The economists, with that simplicity of honest folk which they have inherited from their elders and which even today is all that stands to their credit, have taken no pains to see that the progressional theory of the tax, which they point out to governments as the ne plus ultra of a wise and liberal administration, was contradictory in its terms and pregnant with a legion of impossibilities.They have attributed the oppression of the treasury by turns to the barbarism of the time, the ignorance of princes, the prejudices of caste, the avarice of collectors, everything, in short, which, in their opinion, preventing the progression of the tax, stood in the way of the sincere practice of equality in the distribution of public burdens; they have not for a moment suspected that what they asked under the name of progressive taxation was the overturn of all economic ideas.

Thus they have not seen, for instance, that the tax was progressive from the very fact that it was proportional, the only difference being that the progression was in the wrong direction, the percentage being, as we have said, not directly, but inversely proportional to fortunes.

If the economists had had a clear idea of this overturn, invariable in all countries where taxation exists, so singular a phenomenon would not have failed to draw their attention; they would have sought its causes, and would have ended by discovering that what they took for an accident of civilization, an effect of the inextricable difficulties of human government, was the product of the contradiction inherent in all political economy.

The progressive tax, whether applied to capital or to income, is the very negation of monopoly, of that monopoly which is met everywhere, according to M.Rossi, across the path of social economy; which is the true stimulant of industry, the hope of economy, the preserver and parent of all wealth;

of which we have been able to say, in short, that society cannot exist without it, but that, except for it, there would be no society.Let the tax become suddenly what it unquestionably must sometime be, -- namely, the proportional (or progressional, which is the same thing) contribution of each producer to the public expenses, and straightway rent and profit are confiscated everywhere for the benefit of the State; labor is stripped of the fruits of its toil; each individual being reduced to the proper allowance of fifty-six and a half centimes, poverty becomes general; the compact formed between labor and capital is dissolved, and society, deprived of its rudder, drifts back to its original state.

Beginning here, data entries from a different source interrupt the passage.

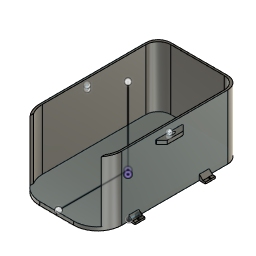
Drone_BatteryHolder v3 (Autodesk Fusion 360 design; units mm, degrees)
Autodesk Fusion 360 part; units mm, degrees
note: some values were not read from the file. Chosen so that the rebuilt part matches the saved one: which face or edge a step refers to; how an offset face is resized; which pieces of a blend or face edit are solid.
sketch "Sketch1" plane through (0, 0, 0) normal (0, 0, 1) x (1, 0, 0)
sketch "Sketch2" plane through (0, 0, 0) normal (0, 0, 1) x (1, 0, 0)
sketch "Sketch3" plane through (0, 0, 0) normal (0, 0, 1) x (1, 0, 0)
sketch "Sketch4" plane through (0, 0, 0) normal (0, 0, 1) x (1, 0, 0)
sketch "Sketch5" plane through (0, 0, 0) normal (0, 0, 1) x (1, 0, 0)
sketch "Sketch6" plane through (0, 0, 0) normal (0, 0, 1) x (1, 0, 0)
sketch "Sketch7" plane through (0, 0, 0) normal (0, 0, 1) x (1, 0, 0)
sketch "Sketch8" plane through (0, 0, 0) normal (0, 0, 1) x (1, 0, 0)
sketch "Sketch9" plane through (0, 0, 0) normal (0, 0, 1) x (1, 0, 0)
sketch "Sketch10" plane through (0, 0, 0) normal (0, 0, 1) x (1, 0, 0)
  line L0 (0, 0) -> (0, 40)
  line L1 (0, 0) -> (23, 0)
  line L2 (0, 0) -> (50, 0) construction
  line L3 (23, 0) -> (23, 40)
  line L4 (23, 40) -> (0, 40)
  line L5 (23, -40) -> (0, -40)
  line L6 (23, 0) -> (23, -40)
  line L7 (0, 0) -> (0, -40)
  line L8 (-23, 40) -> (0, 40)
  line L9 (-23, 0) -> (-23, 40)
  line L10 (0, 0) -> (-50, 0) construction
  line L11 (-23, 0) -> (-23, -40)
  line L12 (-23, -40) -> (0, -40)
  line L13 (0, 0) -> (-23, 0)
  dimension "d15" = 40
  dimension "d16" = 23
  constraint coincident L0.start L1.start
  constraint vertical L0
  constraint perpendicular L0 L1
  constraint horizontal L2
  constraint perpendicular L1 L3
  constraint symmetric L0.start L1 L2.start
  constraint symmetric L0.end L1 L5.end
  constraint symmetric L3.start L1 L6.start
  constraint symmetric L1 L3.end L5.start
  constraint symmetric L4.end L0 L8.end
  constraint symmetric L0 L1.end L9.start
  constraint symmetric L0 L1.start L2.start
  constraint symmetric L0 L2.end L10.end
  constraint symmetric L0 L3.end L8.start
  constraint symmetric L0.start L7 L1.start
  constraint symmetric L1.end L7 L9.start
  constraint symmetric L5.start L7 L11.end
  constraint symmetric L5.end L7 L12.end
  measures "d15" distance of L0.start L0.end
  measures "d16" distance of L0.start L1.end
extrude "Extrude1" add sketch "Sketch10" along normal blind 2
fillet "Fillet1" radius 7 2 edges at (23, 40, 1) (-23, 40, 1)
fillet "Fillet2" radius 13.5 2 edges at (-23, -40, 1) (23, -40, 1)
sketch "Sketch11" plane through (0, 0, 2) normal (0, 0, 1) x (-1, 0, 0)
  arc A0 (-9.5, 40) -> (-23, 26.5) centre (-9.5, 26.5) ccw
  line L0 (-23, 26.5) -> (-23, -33)
  arc A1 (-23, -33) -> (-16, -40) centre (-16, -33) ccw
  line L1 (-16, -40) -> (0, -40)
  line L2 (0, -40) -> (16, -40)
  arc A2 (16, -40) -> (23, -33) centre (16, -33) ccw
  line L3 (23, -33) -> (23, 26.5)
  arc A3 (23, 26.5) -> (9.5, 40) centre (9.5, 26.5) ccw
  line L4 (9.5, 40) -> (0, 40)
  line L5 (0, 40) -> (-9.5, 40)
  line L6 (0, 0) -> (0, -40)
  line L7 (0, 0) -> (-23, 0)
  line L8 (-23, 0) -> (-23, -33)
  line L9 (0, -40) -> (-16, -40)
  arc A4 (-23, -33) -> (-16, -40) centre (-16, -33) ccw
  line L10 (0, -39) -> (-15, -39)
  line L11 (-22, 0) -> (-22, -32)
  arc A5 (-22, -32) -> (-15, -39) centre (-15, -32) ccw
  line L12 (0, -39) -> (15, -39)
  line L13 (0, -40) -> (16, -40)
  arc A6 (16, -40) -> (23, -33) centre (16, -33) ccw
  arc A7 (15, -39) -> (22, -32) centre (15, -32) ccw
  line L14 (22, 0) -> (22, -32)
  line L15 (23, 0) -> (23, -33)
  line L16 (0, 0) -> (23, 0)
  line L17 (0, 0) -> (0, 40)
  line L18 (23, 0) -> (23, 26.5)
  line L19 (22, 0) -> (22, 26.0718)
  arc A8 (22, 26.0718) -> (20, 33) centre (9, 26.0718) ccw
  arc A9 (23, 26.5) -> (20.0018, 34.983) centre (9.5, 26.5) ccw
  line L20 (-23, 0) -> (-23, 26.5)
  line L21 (-22, 0) -> (-22, 26.0718)
  arc A10 (-20.0018, 34.983) -> (-23, 26.5) centre (-9.5, 26.5) ccw
  arc A11 (-20, 33) -> (-22, 26.0718) centre (-9, 26.0718) ccw
  line L22 (20.0018, 32.9971) -> (20.0018, 34.983)
  line L23 (-20.0018, 32.9971) -> (-20.0018, 34.983)
  dimension "d25" = 7
  dimension "d26" = 7
  constraint coincident L6.start L7.start
  constraint coincident L1.end L2.start
  constraint coincident L0 L7.end
  constraint perpendicular L0 L7
  constraint tangent L9 A4
  constraint tangent L8 A4
  constraint coincident L6 L10.start
  constraint perpendicular L6 L10
  constraint coincident L7 L11.start
  constraint perpendicular L7 L11
  constraint tangent L11 A5
  constraint tangent L10 A5
  constraint symmetric L1.end L6 L2.start
  constraint symmetric L6 L7.end L15.start
  constraint symmetric L6 A1.end L2.end
  constraint symmetric L6 L0.end A2.end
  constraint symmetric L6 A4 A6
  constraint symmetric L6 L10.start L12.start
  constraint symmetric L6 L11.start L14.start
  constraint symmetric L6 L11.end A7.end
  constraint symmetric L6 L10.end L12.end
  constraint symmetric L6 A5 A7
  constraint perpendicular L15 L16
  constraint coincident L4.end L5.start
  constraint parallel L3 L18
  constraint parallel L18 L19
  constraint tangent L19 A8
  constraint tangent L18 A9
  constraint symmetric L14.start L17 L11.start
  constraint symmetric L15.start L17 L7.end
  constraint symmetric L17 L19.end L21.end
  constraint symmetric L17 A8.end A11.start
  constraint symmetric L17 A8 A11
  constraint symmetric L17 L3.end A0.end
  constraint symmetric L17 A10.start A9.end
  constraint symmetric L17 A9 A10
  constraint coincident A8 L22.start
  constraint coincident A9 L22.end
  constraint vertical L22
  constraint symmetric L17 L22.start L23.start
  constraint symmetric L17 A9.end A10.start
  constraint coincident A0 A10.start
  measures "d25" radius of A4
  measures "d26" radius of A5
extrude "Extrude2" add sketch "Sketch11" along normal blind 34 contours A0 L0 L7 L20 L21 A10 A11 L23 | L0 A1 L1 L6 L7 L8 L9 A4 L10 L11 A5 | L3 A3 L16 L18 L19 A8 A9 L22 | L2 A2 L3 L6 L12 L13 A6 A7 L14 L15 L16
sketch "Sketch12" plane through (0, 0, 0) normal (0, 1, 0) x (1, 0, 0)
  line L0 (23, -30) -> (23, -32)
  line L1 (-23, -30) -> (-23, -32)
  constraint vertical L0
sketch "Sketch13" plane through (23, 0, 0) normal (1, 0, 0) x (0, 1, 0)
  line L0 (-26.5, 36) -> (-26.5, 0)
  line L1 (-26.5, 0) -> (33, 0)
  line L2 (33, 0) -> (33, 36)
  line L3 (33, 36) -> (-26.5, 36)
  line L4 (0, 50) -> (0, 0)
  line L5 (0, 32) -> (7.5, 32)
  line L6 (0, 32) -> (-7.5, 32)
  line L7 (7.5, 32) -> (7.5, 30)
  line L8 (7.5, 30) -> (0, 30)
  line L9 (-7.5, 32) -> (-7.5, 30)
  line L10 (-7.5, 30) -> (0, 30)
  dimension "d31" = 7.5
  constraint coincident L4.end origin
  constraint perpendicular L1 L4
  constraint coincident L4 L5.start
  constraint perpendicular L4 L5
  constraint symmetric L4 L5.start L6.start
  constraint symmetric L4 L5.end L6.end
  constraint perpendicular L5 L7
  constraint coincident L4 L8.end
  constraint perpendicular L4 L8
  constraint symmetric L4 L7.end L9.end
  constraint symmetric L4 L8.end L10.end
  measures "d31" distance of L5.start L5.end
sketch "Sketch14" plane through (-23, 0, 0) normal (-1, 0, 0) x (0, -1, 0)
  line L0 (26.5, 0) -> (26.5, 36)
  line L1 (26.5, 36) -> (-33, 36)
  line L2 (-33, 36) -> (-33, 0)
  line L3 (-33, 0) -> (26.5, 0)
  line L4 (0, 32) -> (7.5, 32)
  line L5 (7.5, 32) -> (7.5, 30)
  line L6 (7.5, 30) -> (0, 30)
  line L7 (0, 45) -> (0, 0)
  line L8 (0, 0) -> (44, 0)
  line L9 (0, 32) -> (-7.5, 32)
  line L10 (-7.5, 32) -> (-7.5, 30)
  line L11 (-7.5, 30) -> (0, 30)
  dimension "d32" = 7.5
  constraint parallel L1 L4
  constraint perpendicular L1 L5
  constraint perpendicular L5 L6
  constraint coincident L7.end L8.start
  constraint perpendicular L3 L7
  constraint perpendicular L7 L8
  constraint symmetric L4.start L7 L9.start
  constraint symmetric L4.end L7 L9.end
  constraint symmetric L5.end L7 L10.end
  constraint symmetric L6.end L7 L11.end
  measures "d32" distance of L4.start L4.end
sketch "Sketch15" plane through (0, 0, 0) normal (0, 1, 0) x (1, 0, 0)
  line L0 (0, 0) -> (0, -45)
  constraint coincident L0.start origin
  constraint vertical L0
extrude "Extrude3" add sketch "Sketch14" along normal blind 3.5 contours L4 L5 L6 L7 | L7 L9 L10 L11
extrude "Extrude4" add sketch "Sketch13" along normal blind 3.5 contours L4 L5 L7 L8 | L4 L6 L9 L10
sketch "Sketch16" plane through (0, 0, 2) normal (0, 0, 1) x (-1, 0, 0)
  line L0 (20.0018, 32.9971) -> (20.0018, 34.983)
  arc A0 (20.0018, 34.983) -> (9.5, 40) centre (9.5, 26.5) ccw
  line L1 (9.5, 40) -> (0, 40)
  line L2 (0, 40) -> (-9.5, 40)
  arc A1 (-9.5, 40) -> (-20.0018, 34.983) centre (-9.5, 26.5) ccw
  line L3 (-20.0018, 34.983) -> (-20.0018, 32.9971)
  arc A2 (-20.0018, 32.9971) -> (-22, 26.0718) centre (-9, 26.0718) ccw
  line L4 (-22, 26.0718) -> (-22, -32)
  arc A3 (-22, -32) -> (-15, -39) centre (-15, -32) ccw
  line L5 (-15, -39) -> (15, -39)
  arc A4 (15, -39) -> (22, -32) centre (15, -32) ccw
  line L6 (22, -32) -> (22, 26.0718)
  arc A5 (22, 26.0718) -> (20.0018, 32.9971) centre (9, 26.0718) ccw
chamfer "Chamfer1" distance 3 angle 45 2 edges at (-26.5, 7.5, 31) (-26.5, -7.5, 31)
chamfer "Chamfer2" distance 3 angle 45 2 edges at (26.5, 7.5, 31) (26.5, -7.5, 31)
sketch "Sketch17" plane through (0, 0, 2) normal (0, 0, 1) x (-1, 0, 0)
sketch "Sketch18" plane through (0, 0, 32) normal (0, 0, 1) x (-1, 0, 0)
  line L0 (26.5, 4.5) -> (23.5, 7.5)
  line L1 (23.5, 7.5) -> (23, 7.5)
  line L2 (23, 7.5) -> (23, -7.5)
  line L3 (23, -7.5) -> (23.5, -7.5)
  line L4 (23.5, -7.5) -> (26.5, -4.5)
  line L5 (26.5, -4.5) -> (26.5, 4.5)
  line L6 (0, 0) -> (0, -49)
  ellipse E0 centre (24.5, 0) end of major axis (24.5, -2) minor radius 0.75
  line L7 (24.5, 2) -> (24.5, -2)
  line L8 (23.75, 0) -> (25.25, 0)
  dimension "d39" = 1.5
  constraint coincident L6.start origin
  constraint vertical L6
  constraint vertical L7
  constraint coincident E0 L7.start
  constraint coincident E0 L7.end
  constraint coincident E0 L8.start
  constraint coincident E0 L8.end
extrude "Extrude5" cut sketch "Sketch18" against normal blind 2 contours E0 L7 L8 | E0 L7 L8 | E0 L7 L8 | E0 L7 L8
sketch "Sketch19" plane through (0, 0, 32) normal (0, 0, 1) x (-1, 0, 0)
  ellipse E0 centre (24.5, 0) end of major axis (24.5, -2) minor radius 0.75
  line L0 (26.5, 4.5) -> (23.5, 7.5)
  line L1 (23.5, 7.5) -> (23, 7.5)
  line L2 (23, 7.5) -> (23, -7.5)
  line L3 (23, -7.5) -> (23.5, -7.5)
  line L4 (23.5, -7.5) -> (26.5, -4.5)
  line L5 (26.5, -4.5) -> (26.5, 4.5)
  line L6 (0, 0) -> (0, -26)
  ellipse E1 centre (-24.5, 0) end of major axis (-24.5, -2) minor radius 0.75
  constraint coincident L6.start origin
  constraint vertical L6
  constraint symmetric E0 L6 E1
extrude "Extrude6" cut sketch "Sketch19" against normal blind 2 contours E1
sketch "Sketch20" plane through (-23, 0, 0) normal (-1, 0, 0) x (0, -1, 0)
  line L0 (7.5, 32) -> (7.5, 30)
  line L1 (7.5, 30) -> (-7.5, 30)
  line L2 (-7.5, 30) -> (-7.5, 32)
  line L3 (-7.5, 32) -> (7.5, 32)
  line L4 (26.5, 0) -> (26.5, 36)
  line L5 (26.5, 36) -> (-33, 36)
  line L6 (-33, 36) -> (-33, 0)
  line L7 (-33, 0) -> (26.5, 0)
  line L8 (0, 45) -> (0, 0)
  line L9 (0, 0) -> (50, 0)
  line L10 (26.5, 0) -> (22.5, 0)
  line L11 (22.5, 0) -> (22.5, 3)
  line L12 (22.5, 3) -> (17, 3)
  line L13 (17, 3) -> (17, 0)
  line L14 (-22.5, 0) -> (-22.5, 3)
  line L15 (-22.5, 3) -> (-17, 3)
  line L16 (-17, 3) -> (-17, 0)
  dimension "d44" = 4
  constraint coincident L8.end L9.start
  constraint perpendicular L7 L8
  constraint perpendicular L8 L9
  constraint coincident L4.start L7.end
  constraint perpendicular L4 L10
  constraint perpendicular L9 L11
  constraint perpendicular L11 L12
  constraint coincident L9 L13.end
  constraint perpendicular L12 L13
  constraint symmetric L8 L10.end L14.start
  constraint symmetric L8 L11.end L14.end
  constraint symmetric L8 L12.end L15.end
  constraint symmetric L8 L13.end L16.end
  measures "d44" distance of L4.start L10.end
extrude "Extrude7" add sketch "Sketch20" along normal blind 2 contours L7 L14 L15 L16 | L7 L9 L11 L12 L13
sketch "Sketch21" plane through (-23, 0, 0) normal (-1, 0, 0) x (0, -1, 0)
  line L0 (22.5, 3) -> (22.5, 0)
  line L1 (22.5, 0) -> (26.5, 0)
  line L2 (26.5, 0) -> (26.5, 36)
  line L3 (26.5, 36) -> (-33, 36)
  line L4 (-33, 36) -> (-33, 0)
  line L5 (-33, 0) -> (-22.5, 0)
  line L6 (-22.5, 0) -> (-22.5, 3)
  line L7 (-22.5, 3) -> (-17, 3)
  line L8 (-17, 3) -> (-17, 0)
  line L9 (-17, 0) -> (17, 0)
  line L10 (17, 0) -> (17, 3)
  line L11 (17, 3) -> (22.5, 3)
  line L12 (7.5, 32) -> (7.5, 30)
  line L13 (7.5, 30) -> (-7.5, 30)
  line L14 (-7.5, 30) -> (-7.5, 32)
  line L15 (-7.5, 32) -> (7.5, 32)
sketch "Sketch22" plane through (23, 0, 0) normal (1, 0, 0) x (0, 1, 0)
  line L0 (7.5, 32) -> (7.5, 30)
  line L1 (7.5, 30) -> (-7.5, 30)
  line L2 (-7.5, 30) -> (-7.5, 32)
  line L3 (-7.5, 32) -> (7.5, 32)
  line L4 (-26.5, 36) -> (-26.5, 0)
  line L5 (-26.5, 0) -> (33, 0)
  line L6 (33, 0) -> (33, 36)
  line L7 (33, 36) -> (-26.5, 36)
  line L8 (0, 45) -> (0, 0)
  line L9 (0, 0) -> (50, 0)
  line L10 (-26.5, 0) -> (-22.5, 0)
  line L11 (-22.5, 0) -> (-22.5, 3)
  line L12 (-22.5, 3) -> (-18.5, 3)
  line L13 (-18.5, 3) -> (-18.5, 0)
  line L14 (22.5, 0) -> (22.5, 3)
  line L15 (22.5, 3) -> (18.5, 3)
  line L16 (18.5, 3) -> (18.5, 0)
  dimension "d47" = 4
  dimension "d48" = 3
  dimension "d49" = 4
  constraint coincident L8.end L9.start
  constraint perpendicular L5 L8
  constraint perpendicular L8 L9
  constraint coincident L4.end L5.start
  constraint perpendicular L4 L10
  constraint perpendicular L10 L11
  constraint perpendicular L11 L12
  constraint coincident L5 L13.end
  constraint perpendicular L5 L13
  constraint symmetric L8 L10.end L14.start
  constraint symmetric L8 L11.end L14.end
  constraint symmetric L8 L12.end L15.end
  constraint symmetric L8 L13.end L16.end
  measures "d47" distance of L4.end L10.end
  measures "d48" distance of L10.end L11.end
  measures "d49" distance of L11.end L12.end
extrude "Extrude8" add sketch "Sketch22" along normal blind 2 contours L5 L11 L12 L13 | L5 L9 L14 L15 L16
delete_face "DeleteFace1" 5 faces at (24.3333, -22.5, 1.6667) (23.6667, -21.1667, 3) (24.3333, -18.5, 1.6667) (23.6667, -21.1667, 0) (25, -19.8333, 1)
delete_face "DeleteFace2" 1 faces at (23.6667, 21.1667, 3)
sketch "Sketch23" plane through (23, 0, 0) normal (1, 0, 0) x (0, 1, 0)
  line L0 (7.5, 32) -> (7.5, 30)
  line L1 (7.5, 30) -> (-7.5, 30)
  line L2 (-7.5, 30) -> (-7.5, 32)
  line L3 (-7.5, 32) -> (7.5, 32)
  line L4 (33, 36) -> (-26.5, 36)
  line L5 (-26.5, 36) -> (-26.5, 0)
  line L6 (-26.5, 0) -> (33, 0)
  line L7 (33, 0) -> (33, 36)
  line L8 (0, 0) -> (0, 45)
  line L9 (0, 0) -> (45, 0)
  line L10 (-26.5, 0) -> (-22.5, 0)
  line L11 (-22.5, 0) -> (-17, 0)
  line L12 (-22.5, 0) -> (-22.5, 3)
  line L13 (-22.5, 3) -> (-17, 3)
  line L14 (-17, 3) -> (-17, 0)
  line L15 (22.5, 0) -> (22.5, 3)
  line L16 (22.5, 3) -> (17, 3)
  line L17 (17, 3) -> (17, 0)
  dimension "d52" = 4
  constraint coincident L8.start L9.start
  constraint perpendicular L4 L8
  constraint perpendicular L8 L9
  constraint coincident L5.end L6.start
  constraint coincident L6 L10.end
  constraint coincident L6 L11.end
  constraint perpendicular L11 L12
  constraint perpendicular L12 L13
  constraint perpendicular L6 L14
  constraint symmetric L8 L10.end L15.start
  constraint symmetric L8 L11.end L17.end
  constraint symmetric L8 L12.end L15.end
  constraint symmetric L8 L13.end L16.end
  measures "d52" distance of L5.end L10.end
extrude "Extrude9" add sketch "Sketch23" along normal blind 2 contours L6 L11 L12 L13 L14 | L6 L9 L15 L16 L17
chamfer "Chamfer3" distance 2 angle 45 4 edges at (25, -19.75, 3) (25, 19.75, 3) (-25, -19.75, 3) (-25, 19.75, 3)
sketch "Sketch24" plane through (23, 0, 0) normal (1, 0, 0) x (0, 1, 0)
  line L0 (22.5, 3) -> (22.5, 0)
  line L1 (22.5, 0) -> (33, 0)
  line L2 (33, 0) -> (33, 36)
  line L3 (33, 36) -> (-26.5, 36)
  line L4 (-26.5, 36) -> (-26.5, 0)
  line L5 (-26.5, 0) -> (-22.5, 0)
  line L6 (-22.5, 0) -> (-22.5, 3)
  line L7 (-22.5, 3) -> (-17, 3)
  line L8 (-17, 3) -> (-17, 0)
  line L9 (-17, 0) -> (17, 0)
  line L10 (17, 0) -> (17, 3)
  line L11 (17, 3) -> (22.5, 3)
  line L12 (7.5, 32) -> (7.5, 30)
  line L13 (7.5, 30) -> (-7.5, 30)
  line L14 (-7.5, 30) -> (-7.5, 32)
  line L15 (-7.5, 32) -> (7.5, 32)
  line L16 (-22.5, 0.9094) -> (-17, 0.9094)
  line L17 (-17, 0.9094) -> (-17, 0)
  line L18 (-17, 0) -> (-22.5, 0)
  line L19 (-22.5, 0) -> (-22.5, 0.9094)
  constraint horizontal L16
  constraint vertical L17
  constraint horizontal L18
  constraint vertical L19
  constraint coincident L8.end L9.start
  constraint coincident L6 L16.start
sketch "Sketch25" plane through (0, 0, 2) normal (0, 0, 1) x (-1, 0, 0)
sketch "Sketch26" plane through (0, 0, 2) normal (0, 0, 1) x (-1, 0, 0)
sketch "Sketch27" plane through (0, 0, 2) normal (0, 0, 1) x (-1, 0, 0)
sketch "Sketch28" plane through (0, 0, 0) normal (0, 0, 1) x (1, 0, 0)
sketch "Sketch29" plane through (0, 0, 0) normal (0, 0, 1) x (1, 0, 0)
sketch "Sketch30" plane through (0, 0, 0) normal (0, 0, 1) x (1, 0, 0)
  line L0 (0, -50) -> (0, 45)
  line L1 (-35, 0) -> (39, 0)
  line L2 (-25, -22.5) -> (-26.5, -22.5)
  line L3 (-26.5, -22.5) -> (-26.5, -17)
  line L4 (-26.5, -17) -> (-25, -17)
  line L5 (-25, -17) -> (-25, -22.5)
  line L6 (-26.5, 22.5) -> (-26.5, 17)
  line L7 (-25, 22.5) -> (-26.5, 22.5)
  line L8 (-25, 17) -> (-25, 22.5)
  line L9 (-26.5, 17) -> (-25, 17)
  constraint vertical L0
  constraint horizontal L1
  constraint horizontal L2
  constraint vertical L3
  constraint horizontal L4
  constraint vertical L5
  constraint symmetric L1 L2.start L7.start
  constraint symmetric L1 L2.end L6.start
  constraint symmetric L1 L3.end L6.end
  constraint symmetric L1 L4.end L8.start
extrude "Extrude10" add sketch "Sketch30" along normal blind 1
sketch "Sketch31" plane through (0, 0, 0) normal (0, 0, 1) x (1, 0, 0)
  line L0 (0, 0) -> (40, 0)
  line L1 (25, -22.5) -> (26.5, -22.5)
  line L2 (26.5, -22.5) -> (26.5, -17)
  line L3 (26.5, -17) -> (25, -17)
  line L4 (25, -17) -> (25, -22.5)
  line L5 (25, 22.5) -> (26.5, 22.5)
  line L6 (25, 17) -> (25, 22.5)
  line L7 (26.5, 22.5) -> (26.5, 17)
  line L8 (26.5, 17) -> (25, 17)
  constraint coincident L0.start origin
  constraint horizontal L0
  constraint horizontal L1
  constraint vertical L2
  constraint horizontal L3
  constraint vertical L4
  constraint symmetric L0 L1.start L5.start
  constraint symmetric L0 L1.end L5.end
  constraint symmetric L0 L2.end L7.end
  constraint symmetric L0 L3.end L6.start
extrude "Extrude11" add sketch "Sketch31" along normal blind 1
sketch "Sketch32" plane through (0, 0, 2) normal (0, 0, 1) x (-1, 0, 0)
sketch "Sketch33" plane through (0, 0, 0) normal (0, 0, 1) x (1, 0, 0)
sketch "Sketch34" plane through (0, 0, 2) normal (0, 0, 1) x (-1, 0, 0)
  line L0 (0, 0) -> (0, 39)
  constraint coincident L0.start origin
  constraint vertical L0
sketch "Sketch35" plane through (0, 0, 2) normal (0, 0, 1) x (-1, 0, 0)
  line L0 (25.7, 20) -> (-25.7, 20)
  line L1 (-25.7, 20) -> (-25.7, -20)
  line L2 (-25.7, -20) -> (25.7, -20)
  line L3 (25.7, -20) -> (25.7, 20)
  line L4 (25.7, 20) -> (-25.7, -20) construction
  line L5 (-25.7, 20) -> (25.7, -20) construction
  point P0 (25.7, 20)
  point P1 (25.7, -20)
  point P2 (-25.7, -20)
  point P3 (-25.7, 20)
  constraint horizontal L0
  constraint perpendicular L0 L1
  constraint parallel L0 L2
  constraint parallel L1 L3
  constraint coincident L4 origin
  constraint coincident L5 origin
  constraint coincident P0 L0.start
  constraint coincident P1 L2.end
  constraint coincident P2 L1.end
  constraint coincident P3 L0.end
hole "Hole1" at (-25.7, -20, 2) at (-25.7, 20, 2) at (25.7, 20, 2) at (25.7, -20, 2) direction (0, 0, -1) diameter 0.769 depth 2 tip angle 118
thread "Thread1" "ISO Metric profile 1.0 M1x0.2 6H" major diameter 1.0461 minor diameter 0.821 pitch 0.2 angle 60 resizes the face on face at (-25.9005, -20.3281, 0.6667) on face at (-25.9005, 19.6719, 0.6667) on face at (25.4995, 19.6719, 0.6667) on face at (25.4995, -20.3281, 0.6667)

It will be said, perhaps, that it is easy to prevent the absolute annihilation of the profits of capital by stopping the progression at any moment.

Eclecticism, the golden mean, compromise with heaven or with morality:

is it always to be the same philosophy, then? True science is repugnant to such arrangements.All invested capital must return to the producer in the form of interest; all labor must leave a surplus, all wages be equal to product.Under the protection of these laws society continually realizes, by the greatest variety of production, the highest possible degree of welfare.

These laws are absolute; to violate them is to wound, to mutilate society.

Capital, accordingly, which, after all, is nothing but accumulated labor, is inviolable.But, on the other hand, the tendency to equality is no less imperative; it is manifested at each economic phase with increasing energy and an invincible authority.Therefore you must satisfy labor and justice at once; you must give to the former guarantees more and more real, and secure the latter without concession or ambiguity.

Instead of that, you know nothing but the continual substitution of the good pleasure of the prince for your theories, the arrest of the course of economic law by arbitrary power, and, under the pretext of equity, the deception of the wage worker and the monopolist alike! Your liberty is but a half-liberty, your justice but a half-justice, and all your wisdom consists in those middle terms whose iniquity is always twofold, since they justify the pretensions of neither one party nor the other! No, such cannot be the science which you have promised us, and which, by unveiling for us the secrets of the production and consumption of wealth, must unequivocally solve the social antinomies.Your semi-liberal doctrine is the code of despotism, and shows that you are powerless to advance as well as ashamed to retreat.

If society, pledged by its economic antecedents, can never retrace its steps; if, until the arrival of the universal equation, monopoly must be maintained in its possession, -- no change is possible in the laying of taxes: only there is a contradiction here, which, like every other, must be pushed till exhausted.Have, then, the courage of your opinions, --

respect for wealth, and no pity for the poor, whom the God of monopoly has condemned.The less the hireling has wherewith to live, the more he must pay: qui minus habet, etiam quod habet auferetur ab eo.This is necessary, this is inevitable; in it lies the safety of society.

Let us try, nevertheless, to reverse the progression of the tax, and so arrange it that the capitalist, instead of the laborer, will pay the larger share.

I observe, in the first place, that with the usual method of collection, such a reversal is impracticable.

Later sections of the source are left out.